# Guess who has a prototype Beall Pen Wizard



## thewishman (Aug 2, 2008)

:bananen_smilies051:

J. R. Beall hosted an open shop for the Central Ohio Woodturners (that's right - COWs) and demonstrated his new Pen Wizard. He then donated two prototype Pen Wizards to our club. Using a combination of assumed permission and wheedling (actually by promising to demo it to the club) - I have got a Pen Wizard in my very own house.

Mr. Beall says that the Pen Wizard should be available before Christmas and that they are being made here in the states. There are 500 in the first batch.

Anyone wanna come over and play at my house?


----------



## toolcrazy (Aug 2, 2008)

Congrats, dude. You are a very lucky man.


----------



## beck3906 (Aug 2, 2008)

No pictures, it ain't true.

 Rick


----------



## OKLAHOMAN (Aug 2, 2008)

As Rick said!!!!!!!!!!!!!!!!:search: No pictures, it didn't happen!!!


beck3906 said:


> No pictures, it ain't true.
> 
> Rick


----------



## DocStram (Aug 2, 2008)

Yeah, yeah.  talk is cheap.  Put your camera where your mouth is. 

Umm Chris?  What did your say your address is ..... and is the house ever empty during the day? 

On a serious note, I'm turning green with envy.

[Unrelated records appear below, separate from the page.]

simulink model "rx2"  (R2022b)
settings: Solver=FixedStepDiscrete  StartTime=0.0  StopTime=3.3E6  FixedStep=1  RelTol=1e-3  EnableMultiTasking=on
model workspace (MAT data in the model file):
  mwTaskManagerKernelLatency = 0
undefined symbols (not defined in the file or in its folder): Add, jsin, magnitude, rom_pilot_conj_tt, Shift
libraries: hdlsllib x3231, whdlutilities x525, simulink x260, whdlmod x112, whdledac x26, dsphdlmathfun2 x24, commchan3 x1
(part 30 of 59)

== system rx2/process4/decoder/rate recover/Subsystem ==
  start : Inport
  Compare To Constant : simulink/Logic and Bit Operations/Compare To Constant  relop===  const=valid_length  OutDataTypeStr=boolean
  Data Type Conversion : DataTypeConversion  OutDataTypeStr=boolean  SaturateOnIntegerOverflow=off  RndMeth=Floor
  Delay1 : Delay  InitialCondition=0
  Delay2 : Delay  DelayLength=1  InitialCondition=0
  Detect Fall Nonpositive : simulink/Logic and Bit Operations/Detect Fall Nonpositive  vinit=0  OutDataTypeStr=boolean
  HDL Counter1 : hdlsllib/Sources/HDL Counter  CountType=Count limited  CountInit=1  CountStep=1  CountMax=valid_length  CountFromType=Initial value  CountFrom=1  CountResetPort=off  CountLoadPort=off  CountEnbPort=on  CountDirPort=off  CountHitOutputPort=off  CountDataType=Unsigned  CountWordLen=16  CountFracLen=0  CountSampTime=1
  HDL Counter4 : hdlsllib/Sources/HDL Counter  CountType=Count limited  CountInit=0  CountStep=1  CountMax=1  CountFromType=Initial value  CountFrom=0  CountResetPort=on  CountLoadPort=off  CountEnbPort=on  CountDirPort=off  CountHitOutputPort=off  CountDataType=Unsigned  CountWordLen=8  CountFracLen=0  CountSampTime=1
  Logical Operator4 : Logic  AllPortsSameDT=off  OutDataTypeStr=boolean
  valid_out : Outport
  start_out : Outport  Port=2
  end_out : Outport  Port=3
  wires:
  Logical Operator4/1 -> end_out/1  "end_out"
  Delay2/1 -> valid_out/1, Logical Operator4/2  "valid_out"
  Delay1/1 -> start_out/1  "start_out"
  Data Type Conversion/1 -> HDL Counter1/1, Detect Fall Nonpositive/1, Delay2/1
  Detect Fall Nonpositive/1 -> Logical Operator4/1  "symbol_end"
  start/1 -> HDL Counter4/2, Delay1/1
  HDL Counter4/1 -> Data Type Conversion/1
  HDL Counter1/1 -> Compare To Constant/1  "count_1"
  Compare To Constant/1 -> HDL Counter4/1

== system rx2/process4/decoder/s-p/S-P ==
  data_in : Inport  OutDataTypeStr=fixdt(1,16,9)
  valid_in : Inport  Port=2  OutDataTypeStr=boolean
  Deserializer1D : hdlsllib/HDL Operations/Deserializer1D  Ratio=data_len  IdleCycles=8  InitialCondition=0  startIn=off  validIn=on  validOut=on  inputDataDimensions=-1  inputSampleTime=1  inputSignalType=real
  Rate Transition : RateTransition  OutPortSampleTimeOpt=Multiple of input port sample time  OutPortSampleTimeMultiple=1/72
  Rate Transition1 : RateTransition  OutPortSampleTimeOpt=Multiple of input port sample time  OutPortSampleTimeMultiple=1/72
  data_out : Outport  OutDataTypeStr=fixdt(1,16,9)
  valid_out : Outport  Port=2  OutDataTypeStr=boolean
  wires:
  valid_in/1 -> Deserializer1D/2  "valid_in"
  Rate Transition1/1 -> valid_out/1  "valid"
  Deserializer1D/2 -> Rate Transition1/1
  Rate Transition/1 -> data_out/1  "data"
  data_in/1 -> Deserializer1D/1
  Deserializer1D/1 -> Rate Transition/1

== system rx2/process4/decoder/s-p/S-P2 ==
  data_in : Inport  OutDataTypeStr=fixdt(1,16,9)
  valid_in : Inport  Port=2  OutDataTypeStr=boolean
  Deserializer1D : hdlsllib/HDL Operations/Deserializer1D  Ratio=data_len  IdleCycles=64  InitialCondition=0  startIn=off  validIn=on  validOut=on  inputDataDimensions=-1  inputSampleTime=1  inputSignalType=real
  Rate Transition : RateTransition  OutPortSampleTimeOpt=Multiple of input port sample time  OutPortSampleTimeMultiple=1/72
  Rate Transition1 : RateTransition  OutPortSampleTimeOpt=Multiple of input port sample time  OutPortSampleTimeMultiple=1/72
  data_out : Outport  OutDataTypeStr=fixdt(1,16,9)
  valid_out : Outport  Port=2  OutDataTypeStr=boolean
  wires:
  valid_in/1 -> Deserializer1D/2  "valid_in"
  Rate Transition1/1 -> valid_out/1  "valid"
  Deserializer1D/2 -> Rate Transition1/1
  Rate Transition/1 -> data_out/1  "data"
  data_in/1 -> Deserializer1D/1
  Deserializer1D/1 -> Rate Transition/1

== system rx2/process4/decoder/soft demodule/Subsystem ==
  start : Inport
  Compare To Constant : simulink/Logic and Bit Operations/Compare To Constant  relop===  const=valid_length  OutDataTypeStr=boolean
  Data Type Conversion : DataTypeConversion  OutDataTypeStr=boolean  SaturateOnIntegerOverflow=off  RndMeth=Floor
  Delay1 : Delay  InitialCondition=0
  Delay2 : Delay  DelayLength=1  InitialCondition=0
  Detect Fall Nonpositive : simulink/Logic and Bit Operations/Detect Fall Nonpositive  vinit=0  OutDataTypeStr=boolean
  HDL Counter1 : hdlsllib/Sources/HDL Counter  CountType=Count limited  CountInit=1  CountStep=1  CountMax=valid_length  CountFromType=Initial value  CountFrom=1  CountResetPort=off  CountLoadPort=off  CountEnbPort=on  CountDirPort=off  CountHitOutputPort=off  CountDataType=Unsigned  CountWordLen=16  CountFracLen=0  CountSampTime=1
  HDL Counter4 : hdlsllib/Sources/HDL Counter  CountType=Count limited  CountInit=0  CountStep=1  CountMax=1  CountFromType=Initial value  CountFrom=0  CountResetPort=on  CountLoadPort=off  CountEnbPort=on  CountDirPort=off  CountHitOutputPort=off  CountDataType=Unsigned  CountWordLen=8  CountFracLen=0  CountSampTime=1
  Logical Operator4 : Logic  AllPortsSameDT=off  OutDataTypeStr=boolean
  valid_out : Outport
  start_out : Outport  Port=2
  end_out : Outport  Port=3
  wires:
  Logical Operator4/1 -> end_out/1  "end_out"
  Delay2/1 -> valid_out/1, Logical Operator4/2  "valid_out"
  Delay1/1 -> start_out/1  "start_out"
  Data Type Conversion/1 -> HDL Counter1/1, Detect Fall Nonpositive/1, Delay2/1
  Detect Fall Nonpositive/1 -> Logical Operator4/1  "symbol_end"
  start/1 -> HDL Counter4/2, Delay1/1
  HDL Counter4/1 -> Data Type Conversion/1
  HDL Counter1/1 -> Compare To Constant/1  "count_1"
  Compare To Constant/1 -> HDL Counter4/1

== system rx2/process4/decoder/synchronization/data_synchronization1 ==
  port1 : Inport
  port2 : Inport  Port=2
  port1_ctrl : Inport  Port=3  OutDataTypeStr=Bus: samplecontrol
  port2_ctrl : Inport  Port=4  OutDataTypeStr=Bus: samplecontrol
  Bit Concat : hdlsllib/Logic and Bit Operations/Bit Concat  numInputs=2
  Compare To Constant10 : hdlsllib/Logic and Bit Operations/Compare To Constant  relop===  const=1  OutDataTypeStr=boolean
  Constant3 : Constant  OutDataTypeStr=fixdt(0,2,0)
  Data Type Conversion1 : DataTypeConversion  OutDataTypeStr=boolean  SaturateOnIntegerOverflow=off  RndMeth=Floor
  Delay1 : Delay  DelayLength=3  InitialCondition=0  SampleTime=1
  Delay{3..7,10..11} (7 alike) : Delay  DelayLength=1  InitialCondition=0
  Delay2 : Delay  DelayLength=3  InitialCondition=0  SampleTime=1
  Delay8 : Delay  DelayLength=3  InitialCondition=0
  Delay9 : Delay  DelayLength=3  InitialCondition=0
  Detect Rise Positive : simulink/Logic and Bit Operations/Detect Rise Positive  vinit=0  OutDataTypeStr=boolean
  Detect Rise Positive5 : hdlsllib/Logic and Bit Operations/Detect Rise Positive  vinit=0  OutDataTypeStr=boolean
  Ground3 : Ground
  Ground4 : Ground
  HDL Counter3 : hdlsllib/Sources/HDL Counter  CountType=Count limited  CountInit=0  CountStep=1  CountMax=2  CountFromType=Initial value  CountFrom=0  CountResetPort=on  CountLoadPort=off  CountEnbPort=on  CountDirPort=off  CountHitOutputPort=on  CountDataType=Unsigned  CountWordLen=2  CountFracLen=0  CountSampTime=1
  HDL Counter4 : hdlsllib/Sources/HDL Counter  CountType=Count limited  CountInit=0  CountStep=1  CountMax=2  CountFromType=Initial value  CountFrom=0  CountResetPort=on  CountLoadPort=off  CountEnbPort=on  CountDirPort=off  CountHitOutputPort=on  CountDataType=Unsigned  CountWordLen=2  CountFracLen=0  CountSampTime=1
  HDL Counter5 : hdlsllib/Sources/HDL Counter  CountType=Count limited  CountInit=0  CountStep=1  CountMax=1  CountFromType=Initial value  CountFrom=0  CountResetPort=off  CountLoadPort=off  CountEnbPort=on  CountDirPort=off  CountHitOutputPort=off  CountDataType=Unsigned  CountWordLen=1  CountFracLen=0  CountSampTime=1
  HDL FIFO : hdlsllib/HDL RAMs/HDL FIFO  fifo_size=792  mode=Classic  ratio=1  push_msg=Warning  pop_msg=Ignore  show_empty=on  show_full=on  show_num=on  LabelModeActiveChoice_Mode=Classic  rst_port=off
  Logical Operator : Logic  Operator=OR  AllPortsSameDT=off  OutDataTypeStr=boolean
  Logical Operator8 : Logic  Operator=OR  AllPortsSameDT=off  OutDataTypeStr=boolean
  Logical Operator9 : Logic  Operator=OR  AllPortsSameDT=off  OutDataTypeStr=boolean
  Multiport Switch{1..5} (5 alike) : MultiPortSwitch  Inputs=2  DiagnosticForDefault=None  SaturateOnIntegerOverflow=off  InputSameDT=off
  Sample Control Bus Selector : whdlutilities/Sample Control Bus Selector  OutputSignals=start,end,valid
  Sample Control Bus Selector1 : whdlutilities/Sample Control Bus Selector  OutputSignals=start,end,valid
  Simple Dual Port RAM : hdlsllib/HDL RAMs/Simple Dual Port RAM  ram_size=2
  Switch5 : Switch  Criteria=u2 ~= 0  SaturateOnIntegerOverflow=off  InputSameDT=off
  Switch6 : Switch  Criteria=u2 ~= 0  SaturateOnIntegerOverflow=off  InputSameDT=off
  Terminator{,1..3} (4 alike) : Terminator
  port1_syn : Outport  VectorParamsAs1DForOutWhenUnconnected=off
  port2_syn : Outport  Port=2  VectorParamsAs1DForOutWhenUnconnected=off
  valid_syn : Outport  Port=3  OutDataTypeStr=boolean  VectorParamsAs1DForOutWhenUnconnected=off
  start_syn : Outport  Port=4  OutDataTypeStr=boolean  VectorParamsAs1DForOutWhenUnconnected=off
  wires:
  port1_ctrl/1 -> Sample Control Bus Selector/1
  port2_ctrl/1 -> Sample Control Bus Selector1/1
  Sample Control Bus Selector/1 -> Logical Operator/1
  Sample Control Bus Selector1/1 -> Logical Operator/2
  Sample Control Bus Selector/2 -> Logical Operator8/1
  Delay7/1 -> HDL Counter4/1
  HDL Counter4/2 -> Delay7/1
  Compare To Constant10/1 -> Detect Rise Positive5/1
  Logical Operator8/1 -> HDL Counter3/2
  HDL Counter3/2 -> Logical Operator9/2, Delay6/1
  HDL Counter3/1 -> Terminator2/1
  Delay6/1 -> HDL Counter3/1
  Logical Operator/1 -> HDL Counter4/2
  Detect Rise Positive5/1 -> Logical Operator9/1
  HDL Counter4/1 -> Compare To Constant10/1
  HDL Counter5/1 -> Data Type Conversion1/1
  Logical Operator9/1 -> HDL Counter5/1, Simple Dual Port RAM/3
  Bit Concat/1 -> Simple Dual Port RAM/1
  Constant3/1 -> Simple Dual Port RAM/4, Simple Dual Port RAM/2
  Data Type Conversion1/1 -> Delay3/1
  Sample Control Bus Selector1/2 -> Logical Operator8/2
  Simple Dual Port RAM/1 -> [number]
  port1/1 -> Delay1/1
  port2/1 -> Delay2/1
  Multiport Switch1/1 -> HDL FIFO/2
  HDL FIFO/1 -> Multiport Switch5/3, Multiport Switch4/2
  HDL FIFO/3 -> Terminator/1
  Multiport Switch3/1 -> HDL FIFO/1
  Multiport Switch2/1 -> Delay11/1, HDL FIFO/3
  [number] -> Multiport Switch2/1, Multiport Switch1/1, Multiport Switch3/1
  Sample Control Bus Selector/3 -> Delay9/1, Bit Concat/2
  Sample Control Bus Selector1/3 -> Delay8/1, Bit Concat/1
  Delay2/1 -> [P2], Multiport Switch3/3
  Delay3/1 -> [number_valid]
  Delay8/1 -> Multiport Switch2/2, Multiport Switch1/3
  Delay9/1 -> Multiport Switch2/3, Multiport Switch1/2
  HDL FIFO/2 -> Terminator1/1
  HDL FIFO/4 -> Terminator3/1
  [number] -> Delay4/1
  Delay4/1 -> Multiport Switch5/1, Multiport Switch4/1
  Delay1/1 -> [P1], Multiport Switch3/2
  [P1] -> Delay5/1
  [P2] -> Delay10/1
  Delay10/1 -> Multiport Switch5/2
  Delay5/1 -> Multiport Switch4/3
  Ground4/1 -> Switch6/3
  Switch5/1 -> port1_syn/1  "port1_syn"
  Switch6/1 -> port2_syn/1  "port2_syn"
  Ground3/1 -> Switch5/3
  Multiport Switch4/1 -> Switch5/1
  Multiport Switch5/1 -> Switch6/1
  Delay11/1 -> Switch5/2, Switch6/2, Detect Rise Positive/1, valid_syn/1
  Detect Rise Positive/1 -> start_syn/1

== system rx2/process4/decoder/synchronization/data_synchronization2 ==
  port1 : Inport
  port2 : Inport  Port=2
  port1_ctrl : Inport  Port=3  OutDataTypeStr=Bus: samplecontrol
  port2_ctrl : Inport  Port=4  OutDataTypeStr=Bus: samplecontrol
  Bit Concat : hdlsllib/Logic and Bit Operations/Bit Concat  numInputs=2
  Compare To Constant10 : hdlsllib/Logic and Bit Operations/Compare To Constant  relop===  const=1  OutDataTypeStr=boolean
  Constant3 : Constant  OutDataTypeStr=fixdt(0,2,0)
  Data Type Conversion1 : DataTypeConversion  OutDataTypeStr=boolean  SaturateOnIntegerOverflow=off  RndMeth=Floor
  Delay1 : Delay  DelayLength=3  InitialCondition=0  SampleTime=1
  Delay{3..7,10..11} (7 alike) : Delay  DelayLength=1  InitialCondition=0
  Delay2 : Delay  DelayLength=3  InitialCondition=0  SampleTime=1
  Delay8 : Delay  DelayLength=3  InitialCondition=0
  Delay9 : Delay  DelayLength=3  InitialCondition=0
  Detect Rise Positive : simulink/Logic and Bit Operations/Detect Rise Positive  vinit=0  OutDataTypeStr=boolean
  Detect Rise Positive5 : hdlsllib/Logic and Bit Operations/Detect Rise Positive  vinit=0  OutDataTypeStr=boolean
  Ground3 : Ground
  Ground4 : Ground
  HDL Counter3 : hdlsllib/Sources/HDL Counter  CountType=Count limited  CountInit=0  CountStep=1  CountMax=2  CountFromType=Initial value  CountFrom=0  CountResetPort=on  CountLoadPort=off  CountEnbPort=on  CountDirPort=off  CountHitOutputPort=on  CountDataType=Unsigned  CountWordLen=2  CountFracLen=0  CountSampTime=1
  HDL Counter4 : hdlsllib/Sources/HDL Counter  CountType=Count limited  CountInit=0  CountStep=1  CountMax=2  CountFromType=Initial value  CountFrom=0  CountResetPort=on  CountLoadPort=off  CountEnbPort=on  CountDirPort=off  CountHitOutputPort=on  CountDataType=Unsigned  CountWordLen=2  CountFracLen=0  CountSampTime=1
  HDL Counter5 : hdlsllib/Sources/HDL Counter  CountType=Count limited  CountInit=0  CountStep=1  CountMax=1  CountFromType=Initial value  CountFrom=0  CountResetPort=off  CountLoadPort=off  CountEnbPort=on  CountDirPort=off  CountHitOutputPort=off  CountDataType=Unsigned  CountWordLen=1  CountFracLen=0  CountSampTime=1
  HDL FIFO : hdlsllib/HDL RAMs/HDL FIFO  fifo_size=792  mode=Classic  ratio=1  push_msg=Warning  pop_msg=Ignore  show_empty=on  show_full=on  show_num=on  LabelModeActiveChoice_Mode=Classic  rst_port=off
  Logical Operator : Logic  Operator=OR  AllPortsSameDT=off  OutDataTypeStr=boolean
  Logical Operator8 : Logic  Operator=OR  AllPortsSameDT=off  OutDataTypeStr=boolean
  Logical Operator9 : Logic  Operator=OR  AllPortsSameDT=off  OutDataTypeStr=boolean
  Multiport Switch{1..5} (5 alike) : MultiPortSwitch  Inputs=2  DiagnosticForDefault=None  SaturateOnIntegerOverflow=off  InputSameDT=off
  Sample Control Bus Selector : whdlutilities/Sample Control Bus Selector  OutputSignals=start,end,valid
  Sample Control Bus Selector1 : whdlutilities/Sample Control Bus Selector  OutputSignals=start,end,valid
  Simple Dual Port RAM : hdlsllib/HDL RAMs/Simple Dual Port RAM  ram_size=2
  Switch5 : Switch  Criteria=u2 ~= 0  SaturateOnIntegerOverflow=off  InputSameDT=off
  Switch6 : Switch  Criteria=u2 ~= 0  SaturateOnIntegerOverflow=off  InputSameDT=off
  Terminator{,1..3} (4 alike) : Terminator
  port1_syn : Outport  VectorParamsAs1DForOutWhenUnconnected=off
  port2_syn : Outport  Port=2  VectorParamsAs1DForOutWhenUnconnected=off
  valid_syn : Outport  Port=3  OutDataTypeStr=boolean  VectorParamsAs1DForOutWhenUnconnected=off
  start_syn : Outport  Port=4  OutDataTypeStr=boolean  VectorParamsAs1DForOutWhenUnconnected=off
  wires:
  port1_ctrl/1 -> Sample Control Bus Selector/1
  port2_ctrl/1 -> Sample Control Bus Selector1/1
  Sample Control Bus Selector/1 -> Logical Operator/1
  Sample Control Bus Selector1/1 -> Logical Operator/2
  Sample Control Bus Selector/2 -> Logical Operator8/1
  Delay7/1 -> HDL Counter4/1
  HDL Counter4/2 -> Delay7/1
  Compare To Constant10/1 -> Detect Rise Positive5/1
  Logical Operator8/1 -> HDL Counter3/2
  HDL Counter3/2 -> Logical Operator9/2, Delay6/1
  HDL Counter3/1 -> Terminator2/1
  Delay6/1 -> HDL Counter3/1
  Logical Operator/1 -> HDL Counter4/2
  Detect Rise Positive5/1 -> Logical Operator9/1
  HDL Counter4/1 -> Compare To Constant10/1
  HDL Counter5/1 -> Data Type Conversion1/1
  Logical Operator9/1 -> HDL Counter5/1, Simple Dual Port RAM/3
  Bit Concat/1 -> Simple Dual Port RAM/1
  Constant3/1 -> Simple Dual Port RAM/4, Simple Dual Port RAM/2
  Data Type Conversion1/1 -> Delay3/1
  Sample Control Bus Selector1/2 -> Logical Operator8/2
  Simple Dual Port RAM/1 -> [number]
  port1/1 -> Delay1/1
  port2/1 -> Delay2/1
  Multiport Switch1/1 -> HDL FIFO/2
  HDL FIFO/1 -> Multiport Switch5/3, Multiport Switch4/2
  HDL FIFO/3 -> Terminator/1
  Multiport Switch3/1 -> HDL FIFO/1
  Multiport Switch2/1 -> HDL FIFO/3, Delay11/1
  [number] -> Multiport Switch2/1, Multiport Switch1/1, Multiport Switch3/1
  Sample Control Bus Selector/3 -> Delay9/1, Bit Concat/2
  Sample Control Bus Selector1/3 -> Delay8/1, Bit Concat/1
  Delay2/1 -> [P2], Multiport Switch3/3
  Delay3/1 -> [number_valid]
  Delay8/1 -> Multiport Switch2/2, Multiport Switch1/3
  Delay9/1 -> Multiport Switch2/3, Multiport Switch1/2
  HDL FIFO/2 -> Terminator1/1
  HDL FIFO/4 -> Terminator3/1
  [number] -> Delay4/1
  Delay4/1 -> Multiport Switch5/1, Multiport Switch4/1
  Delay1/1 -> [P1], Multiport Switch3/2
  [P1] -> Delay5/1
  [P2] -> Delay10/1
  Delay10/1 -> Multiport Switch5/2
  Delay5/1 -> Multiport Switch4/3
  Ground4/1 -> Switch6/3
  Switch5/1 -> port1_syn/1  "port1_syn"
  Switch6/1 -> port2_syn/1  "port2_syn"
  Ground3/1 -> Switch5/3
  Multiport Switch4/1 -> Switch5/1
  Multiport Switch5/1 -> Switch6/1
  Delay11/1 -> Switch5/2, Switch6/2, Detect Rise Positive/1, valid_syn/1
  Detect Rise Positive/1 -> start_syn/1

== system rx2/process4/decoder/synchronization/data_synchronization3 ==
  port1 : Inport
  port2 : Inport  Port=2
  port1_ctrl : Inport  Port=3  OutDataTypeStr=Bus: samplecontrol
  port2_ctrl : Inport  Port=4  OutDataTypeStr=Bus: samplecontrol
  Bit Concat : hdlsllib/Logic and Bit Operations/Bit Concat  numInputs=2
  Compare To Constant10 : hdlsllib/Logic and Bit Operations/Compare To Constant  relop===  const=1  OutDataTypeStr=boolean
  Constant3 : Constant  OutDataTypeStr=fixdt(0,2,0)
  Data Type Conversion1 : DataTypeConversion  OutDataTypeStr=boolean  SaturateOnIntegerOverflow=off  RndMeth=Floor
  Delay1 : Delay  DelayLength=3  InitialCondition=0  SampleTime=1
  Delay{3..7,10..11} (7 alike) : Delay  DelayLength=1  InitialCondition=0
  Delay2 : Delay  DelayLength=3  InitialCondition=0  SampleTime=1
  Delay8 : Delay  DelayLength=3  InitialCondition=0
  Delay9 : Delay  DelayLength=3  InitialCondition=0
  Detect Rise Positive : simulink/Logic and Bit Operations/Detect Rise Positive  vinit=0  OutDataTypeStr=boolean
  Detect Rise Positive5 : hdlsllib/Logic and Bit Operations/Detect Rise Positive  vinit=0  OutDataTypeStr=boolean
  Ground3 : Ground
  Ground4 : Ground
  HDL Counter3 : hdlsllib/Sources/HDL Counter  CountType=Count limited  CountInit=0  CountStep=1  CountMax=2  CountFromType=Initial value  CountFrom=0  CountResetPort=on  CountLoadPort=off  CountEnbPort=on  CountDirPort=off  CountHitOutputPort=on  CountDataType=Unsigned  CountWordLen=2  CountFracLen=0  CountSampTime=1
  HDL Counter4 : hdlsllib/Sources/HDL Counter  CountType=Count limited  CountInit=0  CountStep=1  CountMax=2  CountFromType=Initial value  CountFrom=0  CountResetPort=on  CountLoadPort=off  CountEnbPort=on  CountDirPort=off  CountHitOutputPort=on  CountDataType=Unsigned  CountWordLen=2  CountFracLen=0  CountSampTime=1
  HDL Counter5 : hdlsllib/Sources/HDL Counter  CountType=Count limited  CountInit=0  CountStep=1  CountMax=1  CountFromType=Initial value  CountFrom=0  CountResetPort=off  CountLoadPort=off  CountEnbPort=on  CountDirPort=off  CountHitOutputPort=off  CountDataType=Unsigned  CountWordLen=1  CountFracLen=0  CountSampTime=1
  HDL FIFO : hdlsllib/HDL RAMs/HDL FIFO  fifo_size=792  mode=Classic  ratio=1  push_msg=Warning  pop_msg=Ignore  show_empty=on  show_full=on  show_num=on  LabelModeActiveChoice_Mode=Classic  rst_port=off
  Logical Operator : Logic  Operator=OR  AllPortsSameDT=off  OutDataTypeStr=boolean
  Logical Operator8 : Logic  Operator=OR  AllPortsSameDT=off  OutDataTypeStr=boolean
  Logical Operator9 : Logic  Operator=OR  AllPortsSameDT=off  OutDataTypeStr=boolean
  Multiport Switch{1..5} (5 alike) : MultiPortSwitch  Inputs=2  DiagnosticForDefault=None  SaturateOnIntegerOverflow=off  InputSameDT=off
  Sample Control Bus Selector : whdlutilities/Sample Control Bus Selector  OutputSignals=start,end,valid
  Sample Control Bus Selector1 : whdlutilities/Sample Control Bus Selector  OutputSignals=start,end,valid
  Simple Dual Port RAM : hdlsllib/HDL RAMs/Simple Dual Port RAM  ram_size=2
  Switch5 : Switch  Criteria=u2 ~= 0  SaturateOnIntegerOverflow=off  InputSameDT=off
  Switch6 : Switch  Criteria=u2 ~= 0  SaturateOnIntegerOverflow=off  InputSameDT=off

Hot dang!


----------



## DocStram (Aug 2, 2008)

Chris ... you dog!  I just visited the COW website and the open house picnic was today from 10 until 4.    You posted at 5:30 today!   Whoaaaaa ........ get off the computer and get playing with the Pen Wizard.  Can't wait to see pictures!!


----------



## PaulDoug (Aug 2, 2008)

I DO NOT SEE A THING!


----------



## thewishman (Aug 2, 2008)

I'll try to get a picture. Just got back from looking at Dremel tools - there is a threaded adapter for one and a sleeve for another tool - Foredom or something. I have neither, so I am just practicing turning the knob and changing wheels for different effects. Gonna start with a spiral and work my way up to the guilloche attachment.

It is a compact device with 7 wheels to change patterns and a 24 position index plate along with other things I don't know the names of (of which I do not know the names - Cav.)

Got a Dremel - come over and we'll start 'er up.


----------



## thewishman (Aug 2, 2008)

A pen mandrel Just the mandrel, not the morse taper, screws into the inside of the indexing wheel and is held in by the brass pointed screw. A rotary tool goes into the black collar on top of the pexiglas - 1st picture, or the collar can be removed to expose a threaded opening for a Dremel.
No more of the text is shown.